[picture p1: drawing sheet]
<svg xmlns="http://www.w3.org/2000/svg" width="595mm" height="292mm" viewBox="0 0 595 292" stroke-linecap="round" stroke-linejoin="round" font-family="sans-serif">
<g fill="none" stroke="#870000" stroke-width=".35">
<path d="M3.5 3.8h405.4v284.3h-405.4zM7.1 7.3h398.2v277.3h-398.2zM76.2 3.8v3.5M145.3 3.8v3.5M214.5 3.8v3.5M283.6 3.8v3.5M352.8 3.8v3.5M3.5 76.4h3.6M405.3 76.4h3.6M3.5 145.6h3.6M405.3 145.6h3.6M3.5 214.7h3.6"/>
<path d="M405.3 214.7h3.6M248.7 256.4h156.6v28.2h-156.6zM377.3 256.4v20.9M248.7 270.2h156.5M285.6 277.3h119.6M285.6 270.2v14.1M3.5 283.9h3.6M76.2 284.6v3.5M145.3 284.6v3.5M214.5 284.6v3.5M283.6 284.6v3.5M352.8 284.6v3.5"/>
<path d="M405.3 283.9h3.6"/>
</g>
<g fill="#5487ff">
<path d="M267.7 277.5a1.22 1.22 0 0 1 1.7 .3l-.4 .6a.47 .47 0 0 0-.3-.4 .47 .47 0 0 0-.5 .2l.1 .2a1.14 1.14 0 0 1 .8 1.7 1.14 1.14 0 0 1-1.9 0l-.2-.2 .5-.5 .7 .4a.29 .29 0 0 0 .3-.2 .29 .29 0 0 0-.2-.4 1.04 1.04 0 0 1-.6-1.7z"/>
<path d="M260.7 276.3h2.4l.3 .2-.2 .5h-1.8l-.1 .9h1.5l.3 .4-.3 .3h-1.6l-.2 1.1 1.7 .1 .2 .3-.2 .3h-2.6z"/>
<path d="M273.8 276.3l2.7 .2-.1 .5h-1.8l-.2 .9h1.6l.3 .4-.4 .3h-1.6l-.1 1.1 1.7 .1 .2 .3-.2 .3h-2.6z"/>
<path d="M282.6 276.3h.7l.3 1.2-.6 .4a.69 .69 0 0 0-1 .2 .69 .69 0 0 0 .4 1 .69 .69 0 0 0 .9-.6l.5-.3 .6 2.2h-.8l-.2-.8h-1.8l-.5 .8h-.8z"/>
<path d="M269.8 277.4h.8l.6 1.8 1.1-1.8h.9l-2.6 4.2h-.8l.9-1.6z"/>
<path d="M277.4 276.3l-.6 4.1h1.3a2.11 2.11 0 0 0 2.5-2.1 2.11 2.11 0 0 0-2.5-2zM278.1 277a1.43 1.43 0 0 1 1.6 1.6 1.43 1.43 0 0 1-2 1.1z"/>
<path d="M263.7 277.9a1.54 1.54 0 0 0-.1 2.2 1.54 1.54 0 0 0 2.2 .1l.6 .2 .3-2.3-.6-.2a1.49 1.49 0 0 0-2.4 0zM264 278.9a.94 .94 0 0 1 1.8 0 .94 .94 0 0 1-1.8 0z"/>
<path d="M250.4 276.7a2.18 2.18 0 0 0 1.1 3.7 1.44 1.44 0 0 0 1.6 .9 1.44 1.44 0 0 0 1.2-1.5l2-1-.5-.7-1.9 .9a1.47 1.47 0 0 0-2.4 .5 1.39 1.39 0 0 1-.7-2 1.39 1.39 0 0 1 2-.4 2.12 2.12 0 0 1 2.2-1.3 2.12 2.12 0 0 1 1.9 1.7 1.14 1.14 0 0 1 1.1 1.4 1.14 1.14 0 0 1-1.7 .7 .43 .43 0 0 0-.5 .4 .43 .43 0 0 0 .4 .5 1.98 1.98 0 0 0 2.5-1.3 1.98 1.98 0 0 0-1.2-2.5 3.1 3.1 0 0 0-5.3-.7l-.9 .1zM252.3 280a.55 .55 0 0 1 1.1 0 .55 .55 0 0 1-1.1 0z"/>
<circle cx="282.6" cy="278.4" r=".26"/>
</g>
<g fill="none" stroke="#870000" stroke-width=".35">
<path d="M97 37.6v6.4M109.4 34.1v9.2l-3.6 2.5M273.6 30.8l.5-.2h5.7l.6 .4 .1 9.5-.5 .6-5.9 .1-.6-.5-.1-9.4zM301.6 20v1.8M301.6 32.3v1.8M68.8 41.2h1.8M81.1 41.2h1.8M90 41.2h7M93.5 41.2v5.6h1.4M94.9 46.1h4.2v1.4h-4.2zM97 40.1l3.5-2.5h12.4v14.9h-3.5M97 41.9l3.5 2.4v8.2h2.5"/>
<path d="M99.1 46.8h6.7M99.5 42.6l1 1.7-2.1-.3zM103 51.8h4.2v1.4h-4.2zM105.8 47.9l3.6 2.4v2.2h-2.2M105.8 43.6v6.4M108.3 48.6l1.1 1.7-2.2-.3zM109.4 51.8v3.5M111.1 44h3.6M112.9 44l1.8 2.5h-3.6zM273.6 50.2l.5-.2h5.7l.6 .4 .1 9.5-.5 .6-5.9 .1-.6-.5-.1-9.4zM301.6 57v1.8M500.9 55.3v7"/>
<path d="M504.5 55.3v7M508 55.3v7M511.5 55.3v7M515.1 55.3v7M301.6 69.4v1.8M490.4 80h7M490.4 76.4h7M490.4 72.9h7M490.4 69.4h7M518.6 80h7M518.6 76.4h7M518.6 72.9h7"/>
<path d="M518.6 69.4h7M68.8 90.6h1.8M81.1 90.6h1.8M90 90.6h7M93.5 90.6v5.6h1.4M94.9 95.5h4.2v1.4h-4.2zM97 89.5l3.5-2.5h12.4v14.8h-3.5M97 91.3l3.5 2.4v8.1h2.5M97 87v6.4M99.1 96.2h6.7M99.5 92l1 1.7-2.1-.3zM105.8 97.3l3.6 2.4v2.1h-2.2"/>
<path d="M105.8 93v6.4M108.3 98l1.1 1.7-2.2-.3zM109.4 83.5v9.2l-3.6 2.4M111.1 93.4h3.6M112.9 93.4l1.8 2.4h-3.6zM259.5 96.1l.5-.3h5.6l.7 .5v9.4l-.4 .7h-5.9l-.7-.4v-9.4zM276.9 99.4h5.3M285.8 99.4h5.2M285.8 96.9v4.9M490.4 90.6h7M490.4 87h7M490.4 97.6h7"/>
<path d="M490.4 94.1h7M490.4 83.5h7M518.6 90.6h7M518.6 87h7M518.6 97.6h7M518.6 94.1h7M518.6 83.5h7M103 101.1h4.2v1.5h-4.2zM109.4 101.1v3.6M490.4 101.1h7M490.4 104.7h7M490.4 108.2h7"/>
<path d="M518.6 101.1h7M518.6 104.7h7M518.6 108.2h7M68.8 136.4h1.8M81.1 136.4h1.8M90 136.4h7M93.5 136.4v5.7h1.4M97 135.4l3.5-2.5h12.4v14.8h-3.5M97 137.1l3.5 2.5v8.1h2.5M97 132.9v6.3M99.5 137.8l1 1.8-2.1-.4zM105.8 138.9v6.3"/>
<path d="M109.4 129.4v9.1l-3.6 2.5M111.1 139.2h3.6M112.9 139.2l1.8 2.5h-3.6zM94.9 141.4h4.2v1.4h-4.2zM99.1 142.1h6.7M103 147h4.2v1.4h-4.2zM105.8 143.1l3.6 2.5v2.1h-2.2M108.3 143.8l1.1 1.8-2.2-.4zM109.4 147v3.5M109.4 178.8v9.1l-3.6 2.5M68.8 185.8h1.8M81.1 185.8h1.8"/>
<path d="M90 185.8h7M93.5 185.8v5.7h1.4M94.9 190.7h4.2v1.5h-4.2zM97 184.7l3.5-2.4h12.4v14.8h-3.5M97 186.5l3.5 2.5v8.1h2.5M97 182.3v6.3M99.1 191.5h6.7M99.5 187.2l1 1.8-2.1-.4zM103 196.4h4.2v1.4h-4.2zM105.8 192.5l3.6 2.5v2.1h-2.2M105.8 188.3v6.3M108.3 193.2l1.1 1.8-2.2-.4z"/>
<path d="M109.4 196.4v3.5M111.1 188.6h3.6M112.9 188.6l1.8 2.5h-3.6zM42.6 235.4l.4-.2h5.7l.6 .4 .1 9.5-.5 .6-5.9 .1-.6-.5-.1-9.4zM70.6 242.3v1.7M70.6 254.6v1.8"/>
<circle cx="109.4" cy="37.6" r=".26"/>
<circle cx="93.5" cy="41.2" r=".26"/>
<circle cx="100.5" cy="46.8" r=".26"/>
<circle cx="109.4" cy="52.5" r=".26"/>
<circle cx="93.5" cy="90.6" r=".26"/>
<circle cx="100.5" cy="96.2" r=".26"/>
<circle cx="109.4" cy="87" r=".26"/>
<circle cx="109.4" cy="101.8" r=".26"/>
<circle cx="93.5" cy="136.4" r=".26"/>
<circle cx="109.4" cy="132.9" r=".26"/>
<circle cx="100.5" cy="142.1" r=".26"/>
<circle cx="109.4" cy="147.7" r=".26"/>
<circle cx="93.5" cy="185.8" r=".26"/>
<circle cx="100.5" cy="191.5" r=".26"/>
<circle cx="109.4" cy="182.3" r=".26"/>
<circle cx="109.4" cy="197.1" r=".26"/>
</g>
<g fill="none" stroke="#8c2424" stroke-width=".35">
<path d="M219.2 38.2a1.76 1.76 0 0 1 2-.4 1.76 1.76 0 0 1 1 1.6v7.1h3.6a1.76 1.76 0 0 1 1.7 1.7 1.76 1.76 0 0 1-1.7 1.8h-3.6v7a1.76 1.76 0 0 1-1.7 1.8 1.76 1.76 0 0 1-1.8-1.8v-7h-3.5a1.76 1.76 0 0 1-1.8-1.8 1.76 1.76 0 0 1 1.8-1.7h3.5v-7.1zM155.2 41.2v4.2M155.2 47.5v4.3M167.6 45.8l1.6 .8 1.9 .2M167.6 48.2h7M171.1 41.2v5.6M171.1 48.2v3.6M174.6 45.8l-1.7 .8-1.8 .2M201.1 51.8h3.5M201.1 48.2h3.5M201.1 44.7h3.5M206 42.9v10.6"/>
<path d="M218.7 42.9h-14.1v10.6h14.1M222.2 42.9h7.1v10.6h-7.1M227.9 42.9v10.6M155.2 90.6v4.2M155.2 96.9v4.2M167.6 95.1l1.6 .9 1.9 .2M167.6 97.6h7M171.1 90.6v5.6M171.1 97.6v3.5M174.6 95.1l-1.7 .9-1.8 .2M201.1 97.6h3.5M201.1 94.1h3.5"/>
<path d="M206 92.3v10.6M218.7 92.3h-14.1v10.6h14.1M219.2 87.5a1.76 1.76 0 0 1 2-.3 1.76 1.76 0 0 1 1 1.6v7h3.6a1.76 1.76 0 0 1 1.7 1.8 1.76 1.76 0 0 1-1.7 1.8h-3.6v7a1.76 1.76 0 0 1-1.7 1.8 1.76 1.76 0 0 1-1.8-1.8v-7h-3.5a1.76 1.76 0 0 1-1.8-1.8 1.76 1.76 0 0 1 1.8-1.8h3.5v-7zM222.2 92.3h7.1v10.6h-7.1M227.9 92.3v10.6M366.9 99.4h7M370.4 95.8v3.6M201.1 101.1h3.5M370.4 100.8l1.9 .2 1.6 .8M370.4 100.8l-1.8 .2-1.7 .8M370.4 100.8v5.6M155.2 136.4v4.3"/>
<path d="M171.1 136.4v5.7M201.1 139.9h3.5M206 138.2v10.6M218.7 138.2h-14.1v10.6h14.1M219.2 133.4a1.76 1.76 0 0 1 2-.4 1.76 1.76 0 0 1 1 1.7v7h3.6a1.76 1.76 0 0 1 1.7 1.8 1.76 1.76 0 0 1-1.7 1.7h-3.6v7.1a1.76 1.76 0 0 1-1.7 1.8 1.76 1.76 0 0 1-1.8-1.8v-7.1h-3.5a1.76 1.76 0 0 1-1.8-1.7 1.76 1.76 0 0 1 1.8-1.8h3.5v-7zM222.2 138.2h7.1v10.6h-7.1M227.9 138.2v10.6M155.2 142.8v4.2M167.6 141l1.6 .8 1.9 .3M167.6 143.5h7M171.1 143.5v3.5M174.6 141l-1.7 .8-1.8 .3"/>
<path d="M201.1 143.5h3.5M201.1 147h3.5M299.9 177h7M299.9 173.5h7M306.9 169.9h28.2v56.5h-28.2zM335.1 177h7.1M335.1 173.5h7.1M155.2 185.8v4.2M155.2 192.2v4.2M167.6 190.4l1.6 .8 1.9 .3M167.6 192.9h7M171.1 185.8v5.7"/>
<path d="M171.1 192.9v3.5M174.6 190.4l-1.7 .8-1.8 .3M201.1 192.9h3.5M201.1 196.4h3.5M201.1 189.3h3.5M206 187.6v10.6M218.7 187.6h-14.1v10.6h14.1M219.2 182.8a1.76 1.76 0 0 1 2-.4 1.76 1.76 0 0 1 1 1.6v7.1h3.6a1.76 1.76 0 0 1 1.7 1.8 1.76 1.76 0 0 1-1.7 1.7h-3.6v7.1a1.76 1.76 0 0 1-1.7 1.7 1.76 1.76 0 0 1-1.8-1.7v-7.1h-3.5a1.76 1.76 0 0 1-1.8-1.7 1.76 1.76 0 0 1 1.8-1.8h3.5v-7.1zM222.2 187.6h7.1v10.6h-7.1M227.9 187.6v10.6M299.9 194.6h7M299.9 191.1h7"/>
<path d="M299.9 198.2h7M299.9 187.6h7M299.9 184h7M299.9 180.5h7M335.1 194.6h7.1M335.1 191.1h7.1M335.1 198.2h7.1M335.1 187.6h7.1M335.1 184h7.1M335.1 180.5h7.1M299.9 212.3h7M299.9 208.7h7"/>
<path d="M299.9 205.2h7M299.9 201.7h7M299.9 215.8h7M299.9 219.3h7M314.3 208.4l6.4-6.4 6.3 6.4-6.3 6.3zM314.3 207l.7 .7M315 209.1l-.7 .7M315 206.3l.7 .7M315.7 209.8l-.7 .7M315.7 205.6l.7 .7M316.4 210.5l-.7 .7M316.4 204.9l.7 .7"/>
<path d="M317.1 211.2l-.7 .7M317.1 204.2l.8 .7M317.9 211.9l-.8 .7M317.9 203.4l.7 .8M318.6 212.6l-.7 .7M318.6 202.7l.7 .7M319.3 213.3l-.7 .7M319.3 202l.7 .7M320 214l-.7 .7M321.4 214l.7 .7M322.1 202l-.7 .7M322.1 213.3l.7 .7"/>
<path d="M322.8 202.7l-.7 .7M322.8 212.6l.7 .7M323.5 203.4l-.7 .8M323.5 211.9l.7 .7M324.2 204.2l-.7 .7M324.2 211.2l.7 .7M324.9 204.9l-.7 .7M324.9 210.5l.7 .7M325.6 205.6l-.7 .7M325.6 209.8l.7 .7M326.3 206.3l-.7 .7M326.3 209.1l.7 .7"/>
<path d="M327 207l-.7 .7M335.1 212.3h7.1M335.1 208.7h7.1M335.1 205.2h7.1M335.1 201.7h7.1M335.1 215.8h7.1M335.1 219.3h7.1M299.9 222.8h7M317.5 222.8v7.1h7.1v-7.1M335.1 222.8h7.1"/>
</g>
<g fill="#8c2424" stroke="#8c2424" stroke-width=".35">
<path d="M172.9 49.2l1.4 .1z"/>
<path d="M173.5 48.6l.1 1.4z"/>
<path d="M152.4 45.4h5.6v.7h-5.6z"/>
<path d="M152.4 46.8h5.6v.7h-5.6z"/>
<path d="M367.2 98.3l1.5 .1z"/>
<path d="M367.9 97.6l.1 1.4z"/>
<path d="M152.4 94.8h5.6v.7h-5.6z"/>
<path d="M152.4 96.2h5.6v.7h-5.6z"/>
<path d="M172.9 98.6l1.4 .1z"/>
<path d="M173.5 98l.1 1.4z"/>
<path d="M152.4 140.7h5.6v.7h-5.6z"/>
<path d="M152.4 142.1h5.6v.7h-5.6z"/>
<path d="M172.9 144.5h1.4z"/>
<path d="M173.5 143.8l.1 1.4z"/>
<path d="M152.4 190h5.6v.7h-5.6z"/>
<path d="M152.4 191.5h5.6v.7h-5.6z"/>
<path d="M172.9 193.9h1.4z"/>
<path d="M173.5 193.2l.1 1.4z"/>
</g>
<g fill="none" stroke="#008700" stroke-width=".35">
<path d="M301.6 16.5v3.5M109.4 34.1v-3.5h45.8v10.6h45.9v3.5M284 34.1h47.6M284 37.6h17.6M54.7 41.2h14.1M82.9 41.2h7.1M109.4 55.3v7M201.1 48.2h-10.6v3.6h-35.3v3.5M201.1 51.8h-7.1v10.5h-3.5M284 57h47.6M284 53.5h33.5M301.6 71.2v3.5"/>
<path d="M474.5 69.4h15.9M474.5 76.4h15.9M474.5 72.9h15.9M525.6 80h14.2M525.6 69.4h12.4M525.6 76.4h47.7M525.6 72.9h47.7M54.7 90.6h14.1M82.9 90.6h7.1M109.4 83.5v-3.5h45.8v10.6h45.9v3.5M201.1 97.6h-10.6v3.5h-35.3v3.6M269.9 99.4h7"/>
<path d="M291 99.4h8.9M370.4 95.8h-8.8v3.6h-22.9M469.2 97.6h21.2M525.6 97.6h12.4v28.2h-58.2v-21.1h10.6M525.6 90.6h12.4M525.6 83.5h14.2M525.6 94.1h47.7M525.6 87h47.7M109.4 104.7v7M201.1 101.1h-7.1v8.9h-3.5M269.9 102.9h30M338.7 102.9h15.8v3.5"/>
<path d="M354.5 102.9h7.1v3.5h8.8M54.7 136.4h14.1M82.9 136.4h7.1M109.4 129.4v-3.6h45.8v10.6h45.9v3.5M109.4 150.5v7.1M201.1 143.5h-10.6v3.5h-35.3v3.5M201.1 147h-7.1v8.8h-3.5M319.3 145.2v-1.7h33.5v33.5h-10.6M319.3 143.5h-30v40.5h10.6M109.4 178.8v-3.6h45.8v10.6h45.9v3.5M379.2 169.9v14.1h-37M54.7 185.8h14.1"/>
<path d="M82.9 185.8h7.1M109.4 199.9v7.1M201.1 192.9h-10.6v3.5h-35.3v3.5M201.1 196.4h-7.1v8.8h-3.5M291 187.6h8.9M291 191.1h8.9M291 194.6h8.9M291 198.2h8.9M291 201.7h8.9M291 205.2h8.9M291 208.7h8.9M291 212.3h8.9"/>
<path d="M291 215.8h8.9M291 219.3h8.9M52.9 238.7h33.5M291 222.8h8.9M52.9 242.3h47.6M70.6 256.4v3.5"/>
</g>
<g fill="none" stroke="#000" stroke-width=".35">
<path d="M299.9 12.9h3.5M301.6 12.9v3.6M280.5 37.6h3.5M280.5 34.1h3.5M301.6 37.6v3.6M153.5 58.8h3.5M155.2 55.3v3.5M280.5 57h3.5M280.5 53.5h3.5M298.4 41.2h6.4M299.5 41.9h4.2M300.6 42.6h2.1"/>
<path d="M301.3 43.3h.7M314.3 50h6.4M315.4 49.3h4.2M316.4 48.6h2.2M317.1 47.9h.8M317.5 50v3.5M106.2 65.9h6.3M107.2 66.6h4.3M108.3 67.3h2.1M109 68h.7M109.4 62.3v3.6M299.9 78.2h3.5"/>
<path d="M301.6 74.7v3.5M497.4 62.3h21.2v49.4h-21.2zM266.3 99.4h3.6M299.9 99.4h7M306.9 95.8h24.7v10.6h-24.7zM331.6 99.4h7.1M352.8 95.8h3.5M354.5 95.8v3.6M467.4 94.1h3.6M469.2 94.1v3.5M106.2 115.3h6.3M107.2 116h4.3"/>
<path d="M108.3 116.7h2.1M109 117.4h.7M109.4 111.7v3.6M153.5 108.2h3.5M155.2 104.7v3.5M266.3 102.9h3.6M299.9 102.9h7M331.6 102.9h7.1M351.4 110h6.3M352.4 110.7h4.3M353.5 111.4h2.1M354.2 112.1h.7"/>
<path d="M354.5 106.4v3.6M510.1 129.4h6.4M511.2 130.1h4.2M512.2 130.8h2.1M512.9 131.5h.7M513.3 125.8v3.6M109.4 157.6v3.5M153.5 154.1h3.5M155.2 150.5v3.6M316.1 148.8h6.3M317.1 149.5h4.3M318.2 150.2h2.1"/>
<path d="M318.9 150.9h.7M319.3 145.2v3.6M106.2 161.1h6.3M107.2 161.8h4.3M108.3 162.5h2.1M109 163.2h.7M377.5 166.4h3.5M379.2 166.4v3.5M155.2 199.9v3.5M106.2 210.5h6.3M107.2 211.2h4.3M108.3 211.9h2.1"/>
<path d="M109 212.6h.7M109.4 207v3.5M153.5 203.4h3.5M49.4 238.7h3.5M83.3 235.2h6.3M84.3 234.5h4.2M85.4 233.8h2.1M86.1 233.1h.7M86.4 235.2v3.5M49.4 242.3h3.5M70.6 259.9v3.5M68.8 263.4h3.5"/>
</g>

----------

Retype the first line of the entries and every line after it, please, through the line that contains "276.3h2.4l.3 .2-.2 .5h-1.8l-.1". Add nothing.

[picture p1: drawing sheet]
<svg xmlns="http://www.w3.org/2000/svg" width="595mm" height="292mm" viewBox="0 0 595 292" stroke-linecap="round" stroke-linejoin="round" font-family="sans-serif">
<g fill="none" stroke="#870000" stroke-width=".35">
<path d="M3.5 3.8h405.4v284.3h-405.4zM7.1 7.3h398.2v277.3h-398.2zM76.2 3.8v3.5M145.3 3.8v3.5M214.5 3.8v3.5M283.6 3.8v3.5M352.8 3.8v3.5M3.5 76.4h3.6M405.3 76.4h3.6M3.5 145.6h3.6M405.3 145.6h3.6M3.5 214.7h3.6"/>
<path d="M405.3 214.7h3.6M248.7 256.4h156.6v28.2h-156.6zM377.3 256.4v20.9M248.7 270.2h156.5M285.6 277.3h119.6M285.6 270.2v14.1M3.5 283.9h3.6M76.2 284.6v3.5M145.3 284.6v3.5M214.5 284.6v3.5M283.6 284.6v3.5M352.8 284.6v3.5"/>
<path d="M405.3 283.9h3.6"/>
</g>
<g fill="#5487ff">
<path d="M267.7 277.5a1.22 1.22 0 0 1 1.7 .3l-.4 .6a.47 .47 0 0 0-.3-.4 .47 .47 0 0 0-.5 .2l.1 .2a1.14 1.14 0 0 1 .8 1.7 1.14 1.14 0 0 1-1.9 0l-.2-.2 .5-.5 .7 .4a.29 .29 0 0 0 .3-.2 .29 .29 0 0 0-.2-.4 1.04 1.04 0 0 1-.6-1.7z"/>
<path d="M260.7 276.3h2.4l.3 .2-.2 .5h-1.8l-.1 .9h1.5l.3 .4-.3 .3h-1.6l-.2 1.1 1.7 .1 .2 .3-.2 .3h-2.6z"/>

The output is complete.